START Data for processing
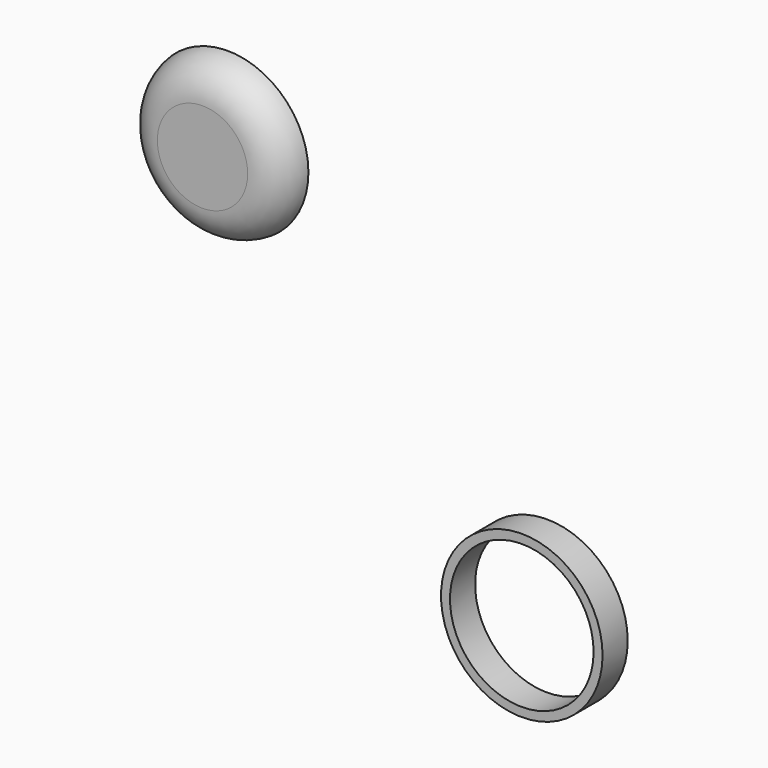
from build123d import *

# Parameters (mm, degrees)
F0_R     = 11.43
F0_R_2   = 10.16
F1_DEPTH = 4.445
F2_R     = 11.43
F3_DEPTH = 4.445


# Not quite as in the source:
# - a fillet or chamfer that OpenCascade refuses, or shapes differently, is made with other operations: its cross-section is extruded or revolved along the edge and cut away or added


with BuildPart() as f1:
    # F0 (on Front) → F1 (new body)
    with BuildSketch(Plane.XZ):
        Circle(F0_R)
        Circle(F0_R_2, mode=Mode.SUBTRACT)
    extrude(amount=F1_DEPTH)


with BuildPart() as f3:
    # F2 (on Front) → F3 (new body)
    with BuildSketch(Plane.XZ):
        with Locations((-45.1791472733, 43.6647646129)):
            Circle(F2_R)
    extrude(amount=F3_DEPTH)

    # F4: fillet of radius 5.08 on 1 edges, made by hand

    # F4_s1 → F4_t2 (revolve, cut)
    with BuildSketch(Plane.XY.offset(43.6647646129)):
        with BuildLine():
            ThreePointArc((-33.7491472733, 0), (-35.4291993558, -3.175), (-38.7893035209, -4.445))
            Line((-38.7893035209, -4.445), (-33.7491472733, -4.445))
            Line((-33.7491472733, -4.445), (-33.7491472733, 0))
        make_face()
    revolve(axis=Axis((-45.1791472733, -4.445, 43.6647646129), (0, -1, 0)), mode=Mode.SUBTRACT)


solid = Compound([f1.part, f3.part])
END Data for processing
-- Exercise requirements --
Before handing back the copy, remove the pictures; otherwise print the data exactly.

-- Final answer --
from build123d import *

# Parameters (mm, degrees)
F0_R     = 11.43
F0_R_2   = 10.16
F1_DEPTH = 4.445
F2_R     = 11.43
F3_DEPTH = 4.445


# Not quite as in the source:
# - a fillet or chamfer that OpenCascade refuses, or shapes differently, is made with other operations: its cross-section is extruded or revolved along the edge and cut away or added


with BuildPart() as f1:
    # F0 (on Front) → F1 (new body)
    with BuildSketch(Plane.XZ):
        Circle(F0_R)
        Circle(F0_R_2, mode=Mode.SUBTRACT)
    extrude(amount=F1_DEPTH)


with BuildPart() as f3:
    # F2 (on Front) → F3 (new body)
    with BuildSketch(Plane.XZ):
        with Locations((-45.1791472733, 43.6647646129)):
            Circle(F2_R)
    extrude(amount=F3_DEPTH)

    # F4: fillet of radius 5.08 on 1 edges, made by hand

    # F4_s1 → F4_t2 (revolve, cut)
    with BuildSketch(Plane.XY.offset(43.6647646129)):
        with BuildLine():
            ThreePointArc((-33.7491472733, 0), (-35.4291993558, -3.175), (-38.7893035209, -4.445))
            Line((-38.7893035209, -4.445), (-33.7491472733, -4.445))
            Line((-33.7491472733, -4.445), (-33.7491472733, 0))
        make_face()
    revolve(axis=Axis((-45.1791472733, -4.445, 43.6647646129), (0, -1, 0)), mode=Mode.SUBTRACT)


solid = Compound([f1.part, f3.part])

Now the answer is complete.